Output is set to 0 with certain probability, and this neuron is just not involved in forward and backward propagation, just as deleting one in a network
Sample.Down-sampling layer (Dropout) can also regard a kind of model combination as, and each sample is different network structure.He
The common conformity relation (co-adaptation) between neuron is reduced, a neuron is eliminated the reliance on another neuron,
E-learning is forced to the character representation of more robust.
Further illustrate that the distributed semantic feature medical information of the present invention is taken out below by a specific embodiment
Modulus block.
Data strengthen module from the vector matrix (300 × n) of urtext data, by cutting or translating change at random
The mode such as change and concentrate some 224 × 224 new matrixes of generation from existing training data, advised the magnitude that expands training data
Mould, the accuracy rate of boosting algorithm, it is to avoid over-fitting.
Convolutional layer is divided into eight layers, and every layer of idiographic flow is as follows:
First layer:Input data is the text matrix that the size generated according to data enhancing technology is 224 × 224, filling
Value is 3, output data 227 × 227 × 3.Then it is the convolutional layer that 11 × 11, step-length is 4 by 96 filters, window size
Processing, obtains [(227-11)/4]+1=55 features, and later layer is just divided into two groups of processing, and output characteristic is 55 × 55 ×
96, then carry out ReLU active coatings 1 and handle, output characteristic is 55 × 55 × 96, and maximum pondization 3 × 3 is carried out by pond layer 1
Core, step-length is 2, obtains [(55-3)/2]+1=27 features, and total characteristic is 33 × 33 × 96, is then carried out at regularization
Reason, the port number for summation is 5, finally obtains 27 × 27 × 96 data;
The second layer:Input data 27 × 27 × 96, Filling power is 2, there is 256 filters, and window size is 5 × 5, is obtained
[(27-5+2 × 2)/1]+1=27 features, output characteristic is 27 × 27 × 256, then carries out ReLU active coatings 2 and handles, defeated
Go out to be characterized as 27 × 27 × 256, the core of maximum pondization 3 × 3 is carried out by pond layer, step-length is 2, obtains [(27-3)/2]+1=
13 features, total characteristic is 13 × 13 × 256, then carries out Regularization, and the port number for summation is 5, finally
Obtain 13 × 13 × 256 data;
Third layer input data 13 × 13 × 256, Filling power is 1, there is 384 filters, and window size is 3 × 3, is obtained
[(13-3+2 × 1)/1]+1=13 features, output characteristic is 13 × 13 × 384, then carries out ReLU active coatings 3 and handles, defeated
Go out and be characterized as 13 × 13 × 384 data;
4th layer of input data 13 × 13 × 384, Filling power is 1, there is 384 filters, and window size is 3 × 3, is obtained
[(13-3+2 × 1)/1]+1=13 features, output characteristic is 13 × 13 × 384, then carries out ReLU active coatings 4 and handles, defeated
Go out and be characterized as 13 × 13 × 384 data;
Layer 5 input data 13 × 13 × 384, Filling power is 1, there is 256 filters, and window size is 3 × 3, is obtained
[(13-3+2 × 1)/1]+1=13 features, output characteristic is 13 × 13 × 256, then carries out ReLU active coatings 5 and handles, defeated
Go out and be characterized as 13 × 13 × 256 data.The core of maximum pondization 3 × 3 is carried out by pond layer 5, step-length is 2, obtain [(13-3)/
2]+1=6 features, total characteristic is 6 × 6 × 256, finally obtains 6 × 6 × 256 data;
Layer 6 input data 6 × 6 × 256, full connection, obtains 4096 features, then carries out at ReLU active coatings 6
Reason, output characteristic is 4096 dimensions, is handled by down-sampling layer 6, finally obtains 4096 data.
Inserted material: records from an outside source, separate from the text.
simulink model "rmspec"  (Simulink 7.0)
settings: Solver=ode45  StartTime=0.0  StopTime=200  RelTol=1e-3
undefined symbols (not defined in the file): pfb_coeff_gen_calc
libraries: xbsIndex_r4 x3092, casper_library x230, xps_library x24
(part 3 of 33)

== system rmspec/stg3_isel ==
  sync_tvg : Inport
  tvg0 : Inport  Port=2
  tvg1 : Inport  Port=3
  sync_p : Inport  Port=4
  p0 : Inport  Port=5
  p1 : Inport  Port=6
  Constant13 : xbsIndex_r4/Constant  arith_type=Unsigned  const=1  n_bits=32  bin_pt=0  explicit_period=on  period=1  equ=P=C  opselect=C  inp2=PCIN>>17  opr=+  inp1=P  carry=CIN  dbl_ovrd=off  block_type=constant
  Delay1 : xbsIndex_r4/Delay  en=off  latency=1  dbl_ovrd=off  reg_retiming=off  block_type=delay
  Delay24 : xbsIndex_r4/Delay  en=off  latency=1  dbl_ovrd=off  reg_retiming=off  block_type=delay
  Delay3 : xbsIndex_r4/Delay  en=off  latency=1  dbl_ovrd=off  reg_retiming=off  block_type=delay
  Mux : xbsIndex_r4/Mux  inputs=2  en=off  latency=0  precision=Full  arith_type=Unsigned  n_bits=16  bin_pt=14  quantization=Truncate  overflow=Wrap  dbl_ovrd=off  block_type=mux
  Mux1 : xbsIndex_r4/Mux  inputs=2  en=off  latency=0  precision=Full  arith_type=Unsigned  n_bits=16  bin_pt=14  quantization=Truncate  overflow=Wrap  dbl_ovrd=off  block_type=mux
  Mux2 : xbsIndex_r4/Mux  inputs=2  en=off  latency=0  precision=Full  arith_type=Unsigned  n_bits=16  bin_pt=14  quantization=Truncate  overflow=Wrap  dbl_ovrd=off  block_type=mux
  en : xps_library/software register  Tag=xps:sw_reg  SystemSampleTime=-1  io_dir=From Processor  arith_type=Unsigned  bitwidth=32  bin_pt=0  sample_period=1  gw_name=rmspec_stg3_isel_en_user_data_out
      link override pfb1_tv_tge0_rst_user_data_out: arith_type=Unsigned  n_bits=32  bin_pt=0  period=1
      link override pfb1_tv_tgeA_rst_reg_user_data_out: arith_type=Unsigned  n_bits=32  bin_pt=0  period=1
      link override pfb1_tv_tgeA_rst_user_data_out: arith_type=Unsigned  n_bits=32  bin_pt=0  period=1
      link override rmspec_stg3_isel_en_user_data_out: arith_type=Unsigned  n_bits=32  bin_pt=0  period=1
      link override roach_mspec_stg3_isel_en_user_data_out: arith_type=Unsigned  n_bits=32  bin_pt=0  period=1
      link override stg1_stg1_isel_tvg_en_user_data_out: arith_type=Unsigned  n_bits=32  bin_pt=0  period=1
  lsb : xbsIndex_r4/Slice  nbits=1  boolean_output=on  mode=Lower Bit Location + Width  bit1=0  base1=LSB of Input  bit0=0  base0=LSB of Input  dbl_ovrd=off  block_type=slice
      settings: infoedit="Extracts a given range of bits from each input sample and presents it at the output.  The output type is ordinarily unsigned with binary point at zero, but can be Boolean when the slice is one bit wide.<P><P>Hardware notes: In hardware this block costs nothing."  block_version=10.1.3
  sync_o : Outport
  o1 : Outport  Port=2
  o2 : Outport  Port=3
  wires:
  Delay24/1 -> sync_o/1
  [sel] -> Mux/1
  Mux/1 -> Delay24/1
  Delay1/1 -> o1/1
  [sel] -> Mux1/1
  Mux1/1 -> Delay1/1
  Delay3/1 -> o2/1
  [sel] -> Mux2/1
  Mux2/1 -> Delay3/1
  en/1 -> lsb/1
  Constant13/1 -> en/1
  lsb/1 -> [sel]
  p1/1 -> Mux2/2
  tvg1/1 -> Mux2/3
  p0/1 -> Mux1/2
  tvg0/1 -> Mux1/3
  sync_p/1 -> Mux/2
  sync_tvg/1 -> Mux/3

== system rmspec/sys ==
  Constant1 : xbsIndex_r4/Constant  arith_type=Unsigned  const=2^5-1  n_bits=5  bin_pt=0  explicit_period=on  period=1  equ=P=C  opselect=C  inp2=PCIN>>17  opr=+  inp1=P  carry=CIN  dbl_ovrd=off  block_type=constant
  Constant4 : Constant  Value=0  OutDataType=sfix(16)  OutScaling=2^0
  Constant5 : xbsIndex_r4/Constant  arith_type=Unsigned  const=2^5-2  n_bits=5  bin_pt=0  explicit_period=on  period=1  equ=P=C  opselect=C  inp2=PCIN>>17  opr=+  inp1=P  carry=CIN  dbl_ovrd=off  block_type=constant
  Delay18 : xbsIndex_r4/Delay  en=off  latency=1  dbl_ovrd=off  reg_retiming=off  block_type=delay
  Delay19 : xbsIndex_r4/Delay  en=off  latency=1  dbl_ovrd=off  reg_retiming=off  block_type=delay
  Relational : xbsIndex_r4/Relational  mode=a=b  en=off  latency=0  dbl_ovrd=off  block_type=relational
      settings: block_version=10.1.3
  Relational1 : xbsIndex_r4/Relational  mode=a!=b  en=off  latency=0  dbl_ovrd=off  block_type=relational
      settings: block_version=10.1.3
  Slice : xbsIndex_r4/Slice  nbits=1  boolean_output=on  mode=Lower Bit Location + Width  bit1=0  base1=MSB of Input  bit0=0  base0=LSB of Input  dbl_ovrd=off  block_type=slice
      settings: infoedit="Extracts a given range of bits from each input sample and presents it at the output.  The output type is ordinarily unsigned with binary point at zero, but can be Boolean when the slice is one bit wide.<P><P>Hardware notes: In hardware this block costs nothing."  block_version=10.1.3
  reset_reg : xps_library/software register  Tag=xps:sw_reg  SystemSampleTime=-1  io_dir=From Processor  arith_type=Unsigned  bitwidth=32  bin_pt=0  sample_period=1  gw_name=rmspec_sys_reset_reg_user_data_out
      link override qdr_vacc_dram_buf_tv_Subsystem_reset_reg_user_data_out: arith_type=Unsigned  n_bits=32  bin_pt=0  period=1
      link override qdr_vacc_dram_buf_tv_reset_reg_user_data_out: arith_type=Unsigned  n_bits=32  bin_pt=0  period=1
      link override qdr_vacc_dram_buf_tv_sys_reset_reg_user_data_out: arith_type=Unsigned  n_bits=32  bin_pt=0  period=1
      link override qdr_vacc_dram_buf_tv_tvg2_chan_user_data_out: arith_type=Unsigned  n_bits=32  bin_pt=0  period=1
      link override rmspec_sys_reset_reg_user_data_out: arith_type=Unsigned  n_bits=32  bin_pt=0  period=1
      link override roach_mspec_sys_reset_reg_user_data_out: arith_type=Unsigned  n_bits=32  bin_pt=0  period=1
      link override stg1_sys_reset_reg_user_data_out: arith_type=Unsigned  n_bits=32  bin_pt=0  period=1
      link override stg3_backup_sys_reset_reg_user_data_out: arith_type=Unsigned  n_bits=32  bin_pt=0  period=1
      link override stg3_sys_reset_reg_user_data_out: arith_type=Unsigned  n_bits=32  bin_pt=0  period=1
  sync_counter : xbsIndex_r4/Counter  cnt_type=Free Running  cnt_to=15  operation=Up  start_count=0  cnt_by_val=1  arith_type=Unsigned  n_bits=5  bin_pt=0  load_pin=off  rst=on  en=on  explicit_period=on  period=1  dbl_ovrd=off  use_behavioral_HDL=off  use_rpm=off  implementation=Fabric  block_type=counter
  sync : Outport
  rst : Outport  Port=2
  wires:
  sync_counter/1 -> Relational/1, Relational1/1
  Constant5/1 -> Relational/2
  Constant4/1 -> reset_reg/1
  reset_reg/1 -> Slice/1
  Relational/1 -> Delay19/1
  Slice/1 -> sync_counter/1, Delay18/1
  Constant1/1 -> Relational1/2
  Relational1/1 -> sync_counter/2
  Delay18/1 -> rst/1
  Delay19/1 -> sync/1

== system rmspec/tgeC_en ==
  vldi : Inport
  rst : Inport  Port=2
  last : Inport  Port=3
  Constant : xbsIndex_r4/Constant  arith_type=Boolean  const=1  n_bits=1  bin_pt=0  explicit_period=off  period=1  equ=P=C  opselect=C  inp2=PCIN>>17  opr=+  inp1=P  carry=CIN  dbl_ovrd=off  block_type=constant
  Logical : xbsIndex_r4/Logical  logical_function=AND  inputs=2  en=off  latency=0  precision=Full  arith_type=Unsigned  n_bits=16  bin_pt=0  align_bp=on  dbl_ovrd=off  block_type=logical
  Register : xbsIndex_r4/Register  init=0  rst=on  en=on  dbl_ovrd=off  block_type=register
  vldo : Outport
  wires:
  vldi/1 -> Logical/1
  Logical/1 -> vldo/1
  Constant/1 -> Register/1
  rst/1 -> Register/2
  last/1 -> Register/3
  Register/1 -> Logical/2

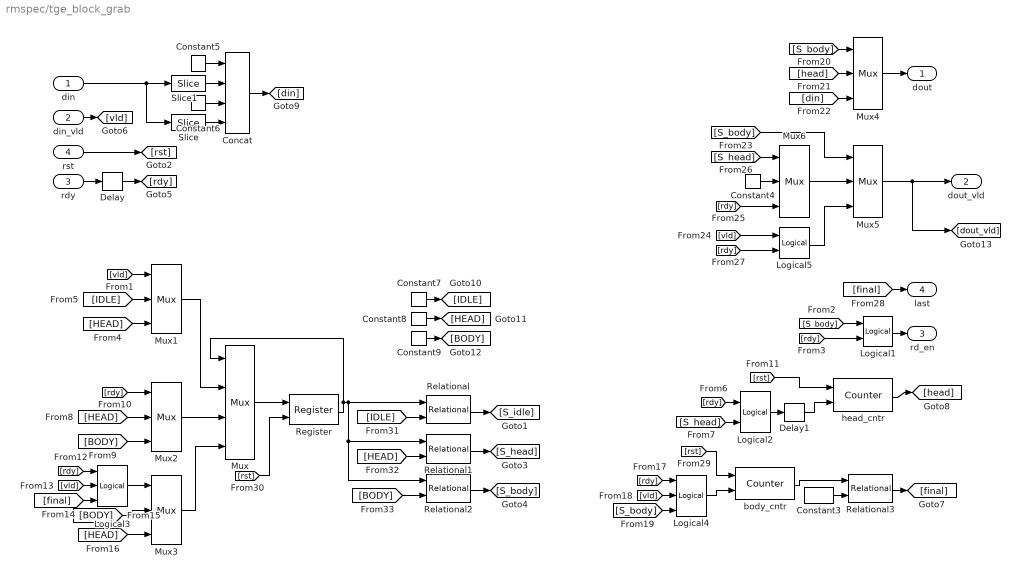
== system rmspec/tge_block_grab ==
  din : Inport
  din_vld : Inport  Port=2
  rdy : Inport  Port=3
  rst : Inport  Port=4
  Concat : xbsIndex_r4/Concat  num_inputs=4  dbl_ovrd=off  block_type=concat
      settings: block_version=10.1.3
  Constant3 : xbsIndex_r4/Constant  arith_type=Unsigned  const=2^9-1  n_bits=9  bin_pt=0  explicit_period=off  period=1  equ=P=C  opselect=C  inp2=PCIN>>17  opr=+  inp1=P  carry=CIN  dbl_ovrd=off  block_type=constant
  Constant4 : xbsIndex_r4/Constant  arith_type=Boolean  const=0  n_bits=2  bin_pt=0  explicit_period=off  period=1  equ=P=C  opselect=C  inp2=PCIN>>17  opr=+  inp1=P  carry=CIN  dbl_ovrd=off  block_type=constant
  Constant5 : xbsIndex_r4/Constant  arith_type=Unsigned  const=0  n_bits=14  bin_pt=0  explicit_period=off  period=1  equ=P=C  opselect=C  inp2=PCIN>>17  opr=+  inp1=P  carry=CIN  dbl_ovrd=off  block_type=constant
  Constant6 : xbsIndex_r4/Constant  arith_type=Unsigned  const=0  n_bits=14  bin_pt=0  explicit_period=off  period=1  equ=P=C  opselect=C  inp2=PCIN>>17  opr=+  inp1=P  carry=CIN  dbl_ovrd=off  block_type=constant
  Constant7 : xbsIndex_r4/Constant  arith_type=Unsigned  const=0  n_bits=2  bin_pt=0  explicit_period=off  period=1  equ=P=C  opselect=C  inp2=PCIN>>17  opr=+  inp1=P  carry=CIN  dbl_ovrd=off  block_type=constant
  Constant8 : xbsIndex_r4/Constant  arith_type=Unsigned  const=1  n_bits=2  bin_pt=0  explicit_period=off  period=1  equ=P=C  opselect=C  inp2=PCIN>>17  opr=+  inp1=P  carry=CIN  dbl_ovrd=off  block_type=constant
  Constant9 : xbsIndex_r4/Constant  arith_type=Unsigned  const=2  n_bits=2  bin_pt=0  explicit_period=off  period=1  equ=P=C  opselect=C  inp2=PCIN>>17  opr=+  inp1=P  carry=CIN  dbl_ovrd=off  block_type=constant
  Delay : xbsIndex_r4/Delay  en=off  latency=1  dbl_ovrd=off  reg_retiming=off  block_type=delay
  Delay1 : xbsIndex_r4/Delay  en=off  latency=1  dbl_ovrd=off  reg_retiming=off  block_type=delay
  Logical1 : xbsIndex_r4/Logical  logical_function=AND  inputs=2  en=off  latency=0  precision=Full  arith_type=Unsigned  n_bits=16  bin_pt=0  align_bp=on  dbl_ovrd=off  block_type=logical
  Logical2 : xbsIndex_r4/Logical  logical_function=AND  inputs=2  en=off  latency=0  precision=Full  arith_type=Unsigned  n_bits=16  bin_pt=0  align_bp=on  dbl_ovrd=off  block_type=logical
  Logical3 : xbsIndex_r4/Logical  logical_function=AND  inputs=3  en=off  latency=0  precision=Full  arith_type=Unsigned  n_bits=16  bin_pt=0  align_bp=on  dbl_ovrd=off  block_type=logical
  Logical4 : xbsIndex_r4/Logical  logical_function=AND  inputs=3  en=off  latency=0  precision=Full  arith_type=Unsigned  n_bits=16  bin_pt=0  align_bp=on  dbl_ovrd=off  block_type=logical
  Logical5 : xbsIndex_r4/Logical  logical_function=AND  inputs=2  en=off  latency=0  precision=Full  arith_type=Unsigned  n_bits=16  bin_pt=0  align_bp=on  dbl_ovrd=off  block_type=logical
  Mux : xbsIndex_r4/Mux  inputs=3  en=off  latency=0  precision=Full  arith_type=Unsigned  n_bits=16  bin_pt=14  quantization=Truncate  overflow=Wrap  dbl_ovrd=off  block_type=mux
  Mux{1..6} (6 alike) : xbsIndex_r4/Mux  inputs=2  en=off  latency=0  precision=Full  arith_type=Unsigned  n_bits=16  bin_pt=14  quantization=Truncate  overflow=Wrap  dbl_ovrd=off  block_type=mux
  Register : xbsIndex_r4/Register  init=0  rst=on  en=off  dbl_ovrd=off  block_type=register
  Relational{,1..3} (4 alike) : xbsIndex_r4/Relational  mode=a=b  en=off  latency=0  dbl_ovrd=off  block_type=relational
      settings: block_version=10.1.3
  Slice : xbsIndex_r4/Slice  nbits=18  boolean_output=off  mode=Lower Bit Location + Width  bit1=0  base1=LSB of Input  bit0=0  base0=LSB of Input  dbl_ovrd=off  block_type=slice
      settings: infoedit="Extracts a given range of bits from each input sample and presents it at the output.  The output type is ordinarily unsigned with binary point at zero, but can be Boolean when the slice is one bit wide.<P><P>Hardware notes: In hardware this block costs nothing."  block_version=10.1.3
  Slice1 : xbsIndex_r4/Slice  nbits=18  boolean_output=off  mode=Lower Bit Location + Width  bit1=0  base1=LSB of Input  bit0=18  base0=LSB of Input  dbl_ovrd=off  block_type=slice
      settings: infoedit="Extracts a given range of bits from each input sample and presents it at the output.  The output type is ordinarily unsigned with binary point at zero, but can be Boolean when the slice is one bit wide.<P><P>Hardware notes: In hardware this block costs nothing."  block_version=10.1.3
  body_cntr : xbsIndex_r4/Counter  cnt_type=Free Running  cnt_to=Inf  operation=Up  start_count=0  cnt_by_val=1  arith_type=Unsigned  n_bits=9  bin_pt=0  load_pin=off  rst=on  en=on  explicit_period=on  period=1  dbl_ovrd=off  use_behavioral_HDL=off  use_rpm=off  implementation=Fabric  block_type=counter
  head_cntr : xbsIndex_r4/Counter  cnt_type=Free Running  cnt_to=Inf  operation=Up  start_count=0  cnt_by_val=1  arith_type=Unsigned  n_bits=64  bin_pt=0  load_pin=off  rst=on  en=on  explicit_period=on  period=1  dbl_ovrd=off  use_behavioral_HDL=off  use_rpm=off  implementation=Fabric  block_type=counter
  dout : Outport
  dout_vld : Outport  Port=2
  rd_en : Outport  Port=3
  last : Outport  Port=4
  wires:
  Register/1 -> Relational2/1, Relational1/1, Relational/1, Mux/1
  Relational/1 -> [S_idle]
  Relational1/1 -> [S_head]
  Relational2/1 -> [S_body]
  rdy/1 -> Delay/1
  [rdy] -> Logical1/2
  Logical1/1 -> rd_en/1
  Logical2/1 -> Delay1/1
  Delay/1 -> [rdy]
  [S_body] -> Logical1/1
  [rdy] -> Logical2/1
  [S_head] -> Logical2/2
  Mux/1 -> Register/1
  din_vld/1 -> [vld]
  [vld] -> Mux1/1
  [HEAD] -> Mux1/3
  [IDLE] -> Mux1/2
  Mux1/1 -> Mux/2
  Mux2/1 -> Mux/3
  [HEAD] -> Mux2/2
  [BODY] -> Mux2/3
  [rdy] -> Mux2/1
  [rdy] -> Logical3/1
  [vld] -> Logical3/2
  [final] -> Logical3/3
  Logical3/1 -> Mux3/1
  [BODY] -> Mux3/2
  [HEAD] -> Mux3/3
  head_cntr/1 -> [head]
  Constant3/1 -> Relational3/2
  body_cntr/1 -> Relational3/1
  [rdy] -> Logical4/1
  [vld] -> Logical4/2
  [S_body] -> Logical4/3
  Relational3/1 -> [final]
  Mux3/1 -> Mux/4
  [S_body] -> Mux4/1
  [head] -> Mux4/2
  [din] -> Mux4/3
  Mux4/1 -> dout/1
  [S_body] -> Mux5/1
  Mux5/1 -> dout_vld/1, [dout_vld]
  Mux6/1 -> Mux5/2
  [S_head] -> Mux6/1
  Constant4/1 -> Mux6/2
  [rdy] -> Logical5/2
  [vld] -> Logical5/1
  Logical5/1 -> Mux5/3
  [rdy] -> Mux6/3
  [final] -> last/1
  Concat/1 -> [din]
  Slice1/1 -> Concat/2
  Constant5/1 -> Concat/1
  Constant6/1 -> Concat/3
  din/1 -> Slice1/1, Slice/1
  Slice/1 -> Concat/4
  Constant7/1 -> [IDLE]
  Constant8/1 -> [HEAD]
  Constant9/1 -> [BODY]
  [IDLE] -> Relational/2
  [HEAD] -> Relational1/2
  [BODY] -> Relational2/2
  rst/1 -> [rst]
  [rst] -> head_cntr/1
  Delay1/1 -> head_cntr/2
  [rst] -> body_cntr/1
  Logical4/1 -> body_cntr/2
  [rst] -> Register/2

== system rmspec/tvg1 ==
  AddSub : xbsIndex_r4/AddSub  mode=Addition  use_carryin=off  use_carryout=off  en=off  latency=0  precision=User Defined  arith_type=Unsigned  n_bits=12  bin_pt=0  quantization=Truncate  overflow=Wrap  dbl_ovrd=off  use_behavioral_HDL=on  pipelined=off  use_rpm=on  hw_selection=Fabric  block_type=addsub
      settings: block_version=10.1.3
  Constant : xbsIndex_r4/Constant  arith_type=Unsigned  const=2^27-1  n_bits=28  bin_pt=0  explicit_period=off  period=1  equ=P=C  opselect=C  inp2=PCIN>>17  opr=+  inp1=P  carry=CIN  dbl_ovrd=off  block_type=constant
  ROM0 : xbsIndex_r4/ROM  depth=4096  initVector=lev*sin((pi/2048)*(0:4:4096*4-1))  distributed_mem=Block RAM  rst=off  init_reg=0  en=off  latency=1  arith_type="Signed  (2's comp)"  n_bits=8  bin_pt=7  dbl_ovrd=off  optimize=Area  use_rpm=on  block_type=sprom
      settings: block_version=10.1.3
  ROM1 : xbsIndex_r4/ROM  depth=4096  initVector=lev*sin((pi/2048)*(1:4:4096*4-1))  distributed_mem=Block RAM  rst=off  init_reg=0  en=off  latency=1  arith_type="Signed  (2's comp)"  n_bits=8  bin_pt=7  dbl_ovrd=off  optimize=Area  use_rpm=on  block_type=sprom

Layer 7:4096 data are inputted, full connection obtains 4096 features, then carries out ReLU active coatings 7 and handle,
Output characteristic is 4096, is handled by down-sampling layer 7, finally obtains 4096 data
8th layer:4096 data are inputted, full connection obtains 1000 characteristics.
The prediction process of convolutional neural networks is a propagated forward process, and the output of last layer is the defeated of current layer
Enter, and successively transmitted by activation primitive, therefore the actual calculating output of whole network is represented with equation below (1):
Op=Fn(...F2(F1(XW1)W2)...Wn) (1)
In formula, X represents to be originally inputted, FnRepresent the activation primitive of n-th layer, WnRepresent the mapping weight matrix of n-th layer, Op
Represent the actual calculating output of whole network.
The output of current layer is represented with (2):
Xl=fl(WlWXl-1+bl) (2)
In formula, l represents the network number of plies, XlRepresent the output of current layer, Xl-1Represent the output of last layer, i.e. current layer
Input, WlRepresent the mapping weight matrix of the current network layer trained, blBigoted, the f for the additivity of current networklIt is to work as
The activation primitive of preceding Internet;The activation primitive f of use1To correct linear unit, i.e. ReLU, represented with formula (3),
In formula, l represents the network number of plies, WlRepresent the mapping weight matrix of the current network layer trained, flIt is current
If its effect of the activation primitive of Internet is that convolutional calculation result is less than 0, it is allowed to be 0;Otherwise keep its value constant.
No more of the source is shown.